Segment Start: Task inputs

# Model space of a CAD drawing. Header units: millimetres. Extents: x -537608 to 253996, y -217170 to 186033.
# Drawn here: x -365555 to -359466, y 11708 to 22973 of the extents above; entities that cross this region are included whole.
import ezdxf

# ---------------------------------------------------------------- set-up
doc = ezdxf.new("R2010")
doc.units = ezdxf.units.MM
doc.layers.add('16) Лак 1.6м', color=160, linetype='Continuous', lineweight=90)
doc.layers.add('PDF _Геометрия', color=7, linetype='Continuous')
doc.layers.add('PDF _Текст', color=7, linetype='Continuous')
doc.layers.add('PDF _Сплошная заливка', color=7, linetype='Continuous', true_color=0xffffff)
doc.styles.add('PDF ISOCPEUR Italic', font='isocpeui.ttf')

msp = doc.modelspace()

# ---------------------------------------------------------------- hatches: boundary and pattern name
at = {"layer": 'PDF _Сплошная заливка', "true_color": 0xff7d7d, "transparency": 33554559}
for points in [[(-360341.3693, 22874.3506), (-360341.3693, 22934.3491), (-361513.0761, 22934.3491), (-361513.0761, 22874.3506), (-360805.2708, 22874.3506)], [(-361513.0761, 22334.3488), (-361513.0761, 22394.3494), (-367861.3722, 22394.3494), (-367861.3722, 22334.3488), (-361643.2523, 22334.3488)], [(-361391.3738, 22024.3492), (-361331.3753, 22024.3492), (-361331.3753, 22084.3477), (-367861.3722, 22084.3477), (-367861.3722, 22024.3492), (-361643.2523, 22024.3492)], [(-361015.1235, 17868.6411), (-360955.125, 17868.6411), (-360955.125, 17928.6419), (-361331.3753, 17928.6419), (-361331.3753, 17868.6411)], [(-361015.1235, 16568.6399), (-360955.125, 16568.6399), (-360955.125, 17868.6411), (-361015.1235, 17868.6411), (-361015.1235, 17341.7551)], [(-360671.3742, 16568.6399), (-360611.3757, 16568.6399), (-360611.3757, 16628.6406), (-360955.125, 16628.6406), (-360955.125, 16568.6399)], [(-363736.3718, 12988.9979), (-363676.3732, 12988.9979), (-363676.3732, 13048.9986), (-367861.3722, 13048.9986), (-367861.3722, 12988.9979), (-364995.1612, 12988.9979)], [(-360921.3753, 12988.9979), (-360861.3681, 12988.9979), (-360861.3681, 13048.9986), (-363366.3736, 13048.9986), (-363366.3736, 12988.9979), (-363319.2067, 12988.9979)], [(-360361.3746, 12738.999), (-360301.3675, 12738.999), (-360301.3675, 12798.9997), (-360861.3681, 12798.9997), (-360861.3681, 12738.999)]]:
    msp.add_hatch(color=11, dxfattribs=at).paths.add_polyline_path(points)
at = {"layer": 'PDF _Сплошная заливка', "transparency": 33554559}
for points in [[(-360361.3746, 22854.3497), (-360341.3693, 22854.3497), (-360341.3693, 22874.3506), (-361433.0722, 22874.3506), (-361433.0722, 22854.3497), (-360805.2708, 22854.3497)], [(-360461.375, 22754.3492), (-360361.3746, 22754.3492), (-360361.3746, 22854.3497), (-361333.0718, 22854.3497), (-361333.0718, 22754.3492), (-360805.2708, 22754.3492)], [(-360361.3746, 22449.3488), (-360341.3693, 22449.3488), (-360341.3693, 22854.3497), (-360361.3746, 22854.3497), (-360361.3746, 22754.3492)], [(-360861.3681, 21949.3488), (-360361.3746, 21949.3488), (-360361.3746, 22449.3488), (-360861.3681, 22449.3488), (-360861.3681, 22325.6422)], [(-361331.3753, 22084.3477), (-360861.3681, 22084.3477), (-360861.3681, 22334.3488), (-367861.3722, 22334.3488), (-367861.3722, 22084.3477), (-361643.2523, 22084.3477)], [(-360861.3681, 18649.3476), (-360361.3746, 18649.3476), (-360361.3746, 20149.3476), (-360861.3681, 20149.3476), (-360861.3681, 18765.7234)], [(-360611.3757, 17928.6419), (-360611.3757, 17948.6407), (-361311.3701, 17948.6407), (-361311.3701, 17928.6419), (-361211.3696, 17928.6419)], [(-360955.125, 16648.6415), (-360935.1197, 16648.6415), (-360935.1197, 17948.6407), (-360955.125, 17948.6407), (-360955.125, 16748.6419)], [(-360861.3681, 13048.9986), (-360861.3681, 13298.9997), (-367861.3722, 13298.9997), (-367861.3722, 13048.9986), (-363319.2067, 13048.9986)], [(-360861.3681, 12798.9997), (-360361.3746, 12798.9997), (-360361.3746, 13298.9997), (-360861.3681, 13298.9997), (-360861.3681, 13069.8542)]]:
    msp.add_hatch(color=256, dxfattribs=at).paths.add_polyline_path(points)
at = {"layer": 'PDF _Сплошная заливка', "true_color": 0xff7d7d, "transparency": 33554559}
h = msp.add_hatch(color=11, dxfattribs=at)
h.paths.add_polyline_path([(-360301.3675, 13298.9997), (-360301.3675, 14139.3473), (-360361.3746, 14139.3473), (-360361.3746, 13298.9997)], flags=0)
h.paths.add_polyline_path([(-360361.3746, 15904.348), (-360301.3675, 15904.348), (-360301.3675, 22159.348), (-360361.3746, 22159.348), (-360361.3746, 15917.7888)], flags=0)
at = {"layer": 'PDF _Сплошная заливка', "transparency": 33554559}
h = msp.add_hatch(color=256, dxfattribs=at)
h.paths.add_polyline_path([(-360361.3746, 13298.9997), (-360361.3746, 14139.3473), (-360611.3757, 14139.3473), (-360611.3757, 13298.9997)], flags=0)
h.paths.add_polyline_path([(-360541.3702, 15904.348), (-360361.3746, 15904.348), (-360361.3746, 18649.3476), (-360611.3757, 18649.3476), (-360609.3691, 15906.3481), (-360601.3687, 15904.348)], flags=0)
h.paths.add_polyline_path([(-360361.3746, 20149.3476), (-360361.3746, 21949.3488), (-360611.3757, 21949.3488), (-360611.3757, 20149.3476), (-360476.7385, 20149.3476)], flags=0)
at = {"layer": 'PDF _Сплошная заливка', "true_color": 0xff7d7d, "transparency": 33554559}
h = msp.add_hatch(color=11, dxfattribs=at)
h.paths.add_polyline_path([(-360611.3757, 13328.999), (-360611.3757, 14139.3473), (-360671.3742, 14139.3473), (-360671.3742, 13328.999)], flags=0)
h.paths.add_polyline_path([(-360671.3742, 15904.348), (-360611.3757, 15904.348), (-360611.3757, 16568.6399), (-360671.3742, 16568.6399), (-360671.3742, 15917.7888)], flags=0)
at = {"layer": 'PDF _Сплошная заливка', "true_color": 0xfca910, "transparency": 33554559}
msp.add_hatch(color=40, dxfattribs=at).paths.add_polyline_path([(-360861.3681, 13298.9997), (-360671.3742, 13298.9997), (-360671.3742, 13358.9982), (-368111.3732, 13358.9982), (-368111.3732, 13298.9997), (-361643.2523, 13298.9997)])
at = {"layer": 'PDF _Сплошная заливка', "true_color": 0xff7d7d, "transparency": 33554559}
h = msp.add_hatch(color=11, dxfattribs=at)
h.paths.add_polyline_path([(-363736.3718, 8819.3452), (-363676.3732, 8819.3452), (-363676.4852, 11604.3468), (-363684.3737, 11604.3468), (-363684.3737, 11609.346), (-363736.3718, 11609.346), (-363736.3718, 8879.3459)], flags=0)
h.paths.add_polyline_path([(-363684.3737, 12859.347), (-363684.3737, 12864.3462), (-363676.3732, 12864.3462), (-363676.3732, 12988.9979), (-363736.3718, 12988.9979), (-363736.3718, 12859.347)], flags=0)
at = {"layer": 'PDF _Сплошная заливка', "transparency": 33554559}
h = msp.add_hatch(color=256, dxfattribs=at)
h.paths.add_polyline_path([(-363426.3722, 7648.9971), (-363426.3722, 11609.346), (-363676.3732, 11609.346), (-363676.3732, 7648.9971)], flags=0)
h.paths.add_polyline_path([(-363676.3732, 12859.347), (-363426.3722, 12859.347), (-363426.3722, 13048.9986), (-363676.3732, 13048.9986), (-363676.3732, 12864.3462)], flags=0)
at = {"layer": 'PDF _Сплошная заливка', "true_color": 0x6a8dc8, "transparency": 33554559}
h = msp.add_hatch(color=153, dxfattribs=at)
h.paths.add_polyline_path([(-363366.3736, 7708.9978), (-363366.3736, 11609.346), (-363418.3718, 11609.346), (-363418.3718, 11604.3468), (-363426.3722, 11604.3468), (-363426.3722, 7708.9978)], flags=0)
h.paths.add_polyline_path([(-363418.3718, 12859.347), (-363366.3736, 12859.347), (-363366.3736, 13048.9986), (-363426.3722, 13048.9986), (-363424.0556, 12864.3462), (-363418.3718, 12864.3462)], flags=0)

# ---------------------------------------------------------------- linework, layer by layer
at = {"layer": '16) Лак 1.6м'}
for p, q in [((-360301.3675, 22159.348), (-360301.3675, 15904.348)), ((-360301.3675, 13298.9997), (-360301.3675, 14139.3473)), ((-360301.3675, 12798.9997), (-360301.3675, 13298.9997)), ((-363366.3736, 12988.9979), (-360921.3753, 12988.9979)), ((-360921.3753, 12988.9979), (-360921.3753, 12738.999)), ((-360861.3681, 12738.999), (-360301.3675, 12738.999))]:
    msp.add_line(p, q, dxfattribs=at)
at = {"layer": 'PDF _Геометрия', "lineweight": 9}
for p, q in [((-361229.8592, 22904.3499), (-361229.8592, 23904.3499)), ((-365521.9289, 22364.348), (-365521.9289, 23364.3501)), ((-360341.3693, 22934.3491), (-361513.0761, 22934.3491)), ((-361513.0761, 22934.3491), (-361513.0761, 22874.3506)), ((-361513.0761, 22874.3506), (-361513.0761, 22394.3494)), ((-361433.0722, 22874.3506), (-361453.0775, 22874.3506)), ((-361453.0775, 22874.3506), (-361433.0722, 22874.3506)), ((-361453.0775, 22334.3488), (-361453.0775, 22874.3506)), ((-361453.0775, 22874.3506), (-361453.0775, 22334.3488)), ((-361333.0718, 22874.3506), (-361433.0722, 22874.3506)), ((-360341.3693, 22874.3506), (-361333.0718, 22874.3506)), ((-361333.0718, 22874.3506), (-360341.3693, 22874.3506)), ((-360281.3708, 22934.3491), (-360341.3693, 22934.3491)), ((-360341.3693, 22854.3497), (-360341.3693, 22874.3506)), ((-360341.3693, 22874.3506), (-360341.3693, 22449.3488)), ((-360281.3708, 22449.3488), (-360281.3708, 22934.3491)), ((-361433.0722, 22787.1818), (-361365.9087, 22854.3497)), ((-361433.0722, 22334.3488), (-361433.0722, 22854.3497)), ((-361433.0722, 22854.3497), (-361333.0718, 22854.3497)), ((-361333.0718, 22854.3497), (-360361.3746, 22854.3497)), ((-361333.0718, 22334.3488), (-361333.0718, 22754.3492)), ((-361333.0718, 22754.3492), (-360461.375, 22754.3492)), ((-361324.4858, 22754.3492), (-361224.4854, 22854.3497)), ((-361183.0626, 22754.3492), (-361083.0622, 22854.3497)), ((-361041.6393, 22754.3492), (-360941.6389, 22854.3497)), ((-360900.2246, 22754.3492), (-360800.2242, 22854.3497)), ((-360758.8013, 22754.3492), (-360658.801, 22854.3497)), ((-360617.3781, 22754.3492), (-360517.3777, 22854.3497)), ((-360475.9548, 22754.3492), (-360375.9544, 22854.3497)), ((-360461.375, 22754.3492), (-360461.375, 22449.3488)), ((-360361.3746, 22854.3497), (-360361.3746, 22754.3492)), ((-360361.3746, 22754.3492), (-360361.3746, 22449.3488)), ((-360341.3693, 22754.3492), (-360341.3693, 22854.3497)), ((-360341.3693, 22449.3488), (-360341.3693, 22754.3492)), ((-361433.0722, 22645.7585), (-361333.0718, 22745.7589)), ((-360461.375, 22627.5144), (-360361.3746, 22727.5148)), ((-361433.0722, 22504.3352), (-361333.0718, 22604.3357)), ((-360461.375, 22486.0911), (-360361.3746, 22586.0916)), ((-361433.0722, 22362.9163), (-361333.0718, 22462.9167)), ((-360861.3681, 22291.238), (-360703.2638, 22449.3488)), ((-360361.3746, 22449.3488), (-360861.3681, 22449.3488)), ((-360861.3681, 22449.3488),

Segment End: Task inputs

Instructions to follow:
Your answer should be each line of the data that contains the word "layers", copied as it stands.

Reply to the exercise:
doc.layers.add('16) Лак 1.6м', color=160, linetype='Continuous', lineweight=90)
doc.layers.add('PDF _Геометрия', color=7, linetype='Continuous')
doc.layers.add('PDF _Текст', color=7, linetype='Continuous')
doc.layers.add('PDF _Сплошная заливка', color=7, linetype='Continuous', true_color=0xffffff)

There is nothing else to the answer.